Peter Dreier eulogizes
Tom in Tom Hayden Always Rocked The Boat The American Prospect 10/24/2016. He says of Hayden in 1968:

By the late 1960s, many radicals had begun to view the [Vietnam] war as an inevitable outcome of America’s empire building, lust for profits, and racism toward populations of color. Frustrated, some called for more militant tactics. Although Hayden often shared this perspective, he opposed the violence and bombings that some advocated (and a few perpetrated) and still had faith in the potential of electoral politics, particularly in Senator Robert Kennedy’s 1968 anti-war and anti-poverty campaign for president.

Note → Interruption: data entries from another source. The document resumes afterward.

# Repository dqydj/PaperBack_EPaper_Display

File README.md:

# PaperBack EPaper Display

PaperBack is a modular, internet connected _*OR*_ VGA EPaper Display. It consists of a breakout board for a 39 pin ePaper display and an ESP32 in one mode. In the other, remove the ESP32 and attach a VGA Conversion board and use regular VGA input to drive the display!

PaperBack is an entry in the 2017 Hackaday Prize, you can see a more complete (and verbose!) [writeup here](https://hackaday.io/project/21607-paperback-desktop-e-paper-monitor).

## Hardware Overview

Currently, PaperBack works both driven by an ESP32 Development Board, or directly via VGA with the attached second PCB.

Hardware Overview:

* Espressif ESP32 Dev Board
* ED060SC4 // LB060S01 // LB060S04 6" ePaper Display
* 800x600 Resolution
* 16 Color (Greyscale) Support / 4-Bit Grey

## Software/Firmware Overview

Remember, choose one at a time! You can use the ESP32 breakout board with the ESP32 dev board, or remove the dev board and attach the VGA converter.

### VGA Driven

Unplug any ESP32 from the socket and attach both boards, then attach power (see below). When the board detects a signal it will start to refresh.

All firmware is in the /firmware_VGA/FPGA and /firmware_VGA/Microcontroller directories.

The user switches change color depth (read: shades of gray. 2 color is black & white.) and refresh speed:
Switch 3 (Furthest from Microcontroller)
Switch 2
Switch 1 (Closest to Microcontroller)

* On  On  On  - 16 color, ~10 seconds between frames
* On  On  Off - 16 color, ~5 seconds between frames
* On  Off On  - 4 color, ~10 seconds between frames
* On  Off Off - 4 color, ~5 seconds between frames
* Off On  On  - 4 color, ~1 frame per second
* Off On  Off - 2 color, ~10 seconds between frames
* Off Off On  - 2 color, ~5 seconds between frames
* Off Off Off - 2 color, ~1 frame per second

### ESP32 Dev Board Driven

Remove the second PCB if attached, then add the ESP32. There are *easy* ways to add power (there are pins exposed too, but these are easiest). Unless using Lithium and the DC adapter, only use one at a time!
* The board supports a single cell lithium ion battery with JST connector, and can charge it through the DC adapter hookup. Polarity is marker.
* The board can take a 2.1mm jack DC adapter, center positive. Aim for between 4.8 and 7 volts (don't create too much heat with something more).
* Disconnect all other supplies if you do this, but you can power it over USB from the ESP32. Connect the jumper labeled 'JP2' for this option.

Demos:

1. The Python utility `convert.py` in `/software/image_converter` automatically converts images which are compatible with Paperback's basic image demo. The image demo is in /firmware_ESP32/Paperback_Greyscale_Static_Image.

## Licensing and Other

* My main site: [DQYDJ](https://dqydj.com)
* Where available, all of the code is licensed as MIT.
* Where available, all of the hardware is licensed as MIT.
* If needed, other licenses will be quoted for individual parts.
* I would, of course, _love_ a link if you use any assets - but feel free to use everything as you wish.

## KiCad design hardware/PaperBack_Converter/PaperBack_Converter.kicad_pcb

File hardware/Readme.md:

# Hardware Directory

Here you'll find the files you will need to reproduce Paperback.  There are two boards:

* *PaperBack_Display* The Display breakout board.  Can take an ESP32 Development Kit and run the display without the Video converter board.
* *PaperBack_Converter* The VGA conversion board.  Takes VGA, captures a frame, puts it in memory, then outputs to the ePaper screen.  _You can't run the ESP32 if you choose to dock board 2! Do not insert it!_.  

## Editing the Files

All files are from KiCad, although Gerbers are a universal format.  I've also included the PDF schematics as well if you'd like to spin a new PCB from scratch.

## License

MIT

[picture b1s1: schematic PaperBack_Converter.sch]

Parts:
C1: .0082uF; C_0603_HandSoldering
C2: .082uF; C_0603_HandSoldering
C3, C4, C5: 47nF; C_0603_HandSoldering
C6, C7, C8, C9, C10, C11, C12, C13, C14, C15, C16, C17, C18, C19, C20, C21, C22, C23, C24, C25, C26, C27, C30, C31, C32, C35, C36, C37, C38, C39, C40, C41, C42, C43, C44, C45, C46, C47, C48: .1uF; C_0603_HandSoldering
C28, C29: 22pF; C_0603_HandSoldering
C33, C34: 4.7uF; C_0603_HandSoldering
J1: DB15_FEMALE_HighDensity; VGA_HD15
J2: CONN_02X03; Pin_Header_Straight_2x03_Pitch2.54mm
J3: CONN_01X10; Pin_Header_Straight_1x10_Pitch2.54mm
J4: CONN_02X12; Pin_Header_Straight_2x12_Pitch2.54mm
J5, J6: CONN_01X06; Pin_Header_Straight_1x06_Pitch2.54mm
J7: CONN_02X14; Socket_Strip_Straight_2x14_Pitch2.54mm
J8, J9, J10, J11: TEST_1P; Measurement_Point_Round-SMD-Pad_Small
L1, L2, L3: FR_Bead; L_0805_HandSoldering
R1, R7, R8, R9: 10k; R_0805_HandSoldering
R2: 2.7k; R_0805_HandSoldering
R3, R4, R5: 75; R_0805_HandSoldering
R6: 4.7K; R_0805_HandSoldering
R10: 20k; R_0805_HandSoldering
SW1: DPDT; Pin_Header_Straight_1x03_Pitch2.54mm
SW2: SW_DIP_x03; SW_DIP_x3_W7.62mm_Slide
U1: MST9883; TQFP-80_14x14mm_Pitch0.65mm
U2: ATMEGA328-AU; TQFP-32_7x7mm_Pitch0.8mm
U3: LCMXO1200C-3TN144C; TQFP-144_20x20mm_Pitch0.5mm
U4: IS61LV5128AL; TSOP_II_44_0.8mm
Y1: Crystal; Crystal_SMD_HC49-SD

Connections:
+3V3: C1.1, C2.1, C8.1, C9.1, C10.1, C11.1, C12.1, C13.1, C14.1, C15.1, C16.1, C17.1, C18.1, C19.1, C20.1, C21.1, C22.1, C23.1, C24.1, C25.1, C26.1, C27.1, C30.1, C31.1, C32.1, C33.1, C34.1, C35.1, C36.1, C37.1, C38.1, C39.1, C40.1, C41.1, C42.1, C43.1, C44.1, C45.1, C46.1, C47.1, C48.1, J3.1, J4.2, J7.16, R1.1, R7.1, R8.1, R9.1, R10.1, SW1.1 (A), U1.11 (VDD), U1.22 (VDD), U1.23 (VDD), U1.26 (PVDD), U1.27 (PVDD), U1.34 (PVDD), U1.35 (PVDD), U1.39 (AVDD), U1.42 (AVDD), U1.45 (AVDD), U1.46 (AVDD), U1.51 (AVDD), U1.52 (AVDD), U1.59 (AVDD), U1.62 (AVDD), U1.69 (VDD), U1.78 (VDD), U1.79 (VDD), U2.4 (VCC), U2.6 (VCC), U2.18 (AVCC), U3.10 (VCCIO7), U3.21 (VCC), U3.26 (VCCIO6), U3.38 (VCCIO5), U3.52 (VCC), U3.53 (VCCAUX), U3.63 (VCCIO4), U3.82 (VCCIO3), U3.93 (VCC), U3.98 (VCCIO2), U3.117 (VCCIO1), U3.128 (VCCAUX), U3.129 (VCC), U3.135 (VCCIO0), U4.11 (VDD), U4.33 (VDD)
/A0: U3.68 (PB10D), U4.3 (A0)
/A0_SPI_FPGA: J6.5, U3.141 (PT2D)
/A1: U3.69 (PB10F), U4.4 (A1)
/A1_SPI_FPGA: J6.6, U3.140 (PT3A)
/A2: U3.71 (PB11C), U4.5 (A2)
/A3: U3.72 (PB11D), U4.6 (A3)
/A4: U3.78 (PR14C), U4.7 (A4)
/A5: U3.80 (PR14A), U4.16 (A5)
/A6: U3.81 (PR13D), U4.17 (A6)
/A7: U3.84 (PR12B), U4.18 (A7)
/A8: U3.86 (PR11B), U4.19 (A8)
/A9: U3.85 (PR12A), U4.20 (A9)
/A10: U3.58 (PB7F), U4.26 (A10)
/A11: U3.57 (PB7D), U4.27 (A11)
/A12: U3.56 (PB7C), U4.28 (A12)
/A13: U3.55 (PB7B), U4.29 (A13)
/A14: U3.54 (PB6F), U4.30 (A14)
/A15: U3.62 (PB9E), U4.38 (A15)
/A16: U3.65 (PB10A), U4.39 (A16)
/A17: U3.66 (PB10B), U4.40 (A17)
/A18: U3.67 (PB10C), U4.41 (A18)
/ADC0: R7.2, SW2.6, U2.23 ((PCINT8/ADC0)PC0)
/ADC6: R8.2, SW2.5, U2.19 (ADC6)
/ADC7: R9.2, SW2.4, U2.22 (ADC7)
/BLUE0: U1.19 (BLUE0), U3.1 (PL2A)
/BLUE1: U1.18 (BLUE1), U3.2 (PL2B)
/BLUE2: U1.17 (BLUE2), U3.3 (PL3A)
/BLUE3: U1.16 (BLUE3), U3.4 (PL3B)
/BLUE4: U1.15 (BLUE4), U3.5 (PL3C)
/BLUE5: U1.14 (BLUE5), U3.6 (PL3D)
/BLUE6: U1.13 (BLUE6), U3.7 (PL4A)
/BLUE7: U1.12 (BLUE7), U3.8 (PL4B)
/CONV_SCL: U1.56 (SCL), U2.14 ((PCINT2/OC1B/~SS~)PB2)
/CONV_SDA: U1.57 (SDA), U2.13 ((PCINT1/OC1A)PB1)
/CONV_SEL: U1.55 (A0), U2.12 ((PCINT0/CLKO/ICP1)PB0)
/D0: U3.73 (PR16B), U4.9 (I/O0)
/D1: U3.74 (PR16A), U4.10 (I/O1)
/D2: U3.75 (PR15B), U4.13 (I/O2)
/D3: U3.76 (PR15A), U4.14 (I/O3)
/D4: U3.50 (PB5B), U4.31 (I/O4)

Kennedy’s assassination in June 1968 was traumatic for Hayden. At RFK’s funeral in New York’s St. Patrick’s Cathedral, Hayden cried over the loss of the one politician he believed had the ability to unite the anti-war and anti-poverty movements, white workers and black militants. That summer, Hayden joined other activists in planning protests at the Democratic National Convention in Chicago.
Jeff Greenfield's short article on him starts with the RFK funeral, Tom Hayden, the Complicated Radical Politico 10/24/2016.

Earlier this year, I first read Tom's book, Street Wars: Gangs and the Future of Violence (2004). I posted a quotation from it here: Yes, street gangs have a social context 02/17/2016.

The New York Review of Books has Tom Hayden's 1967 article The Occupation of Newark (08/24/1967 issue) available for the public on its website. Hayden lived in the ghetto area of Newark during a major riot there, sparked off by police misconduct.

Truthdig is running previous pieces of Tom's work daily this week. Today's installment is a piece from 05/02/2006, Tom Hayden: Who Are You Calling an Immigrant?.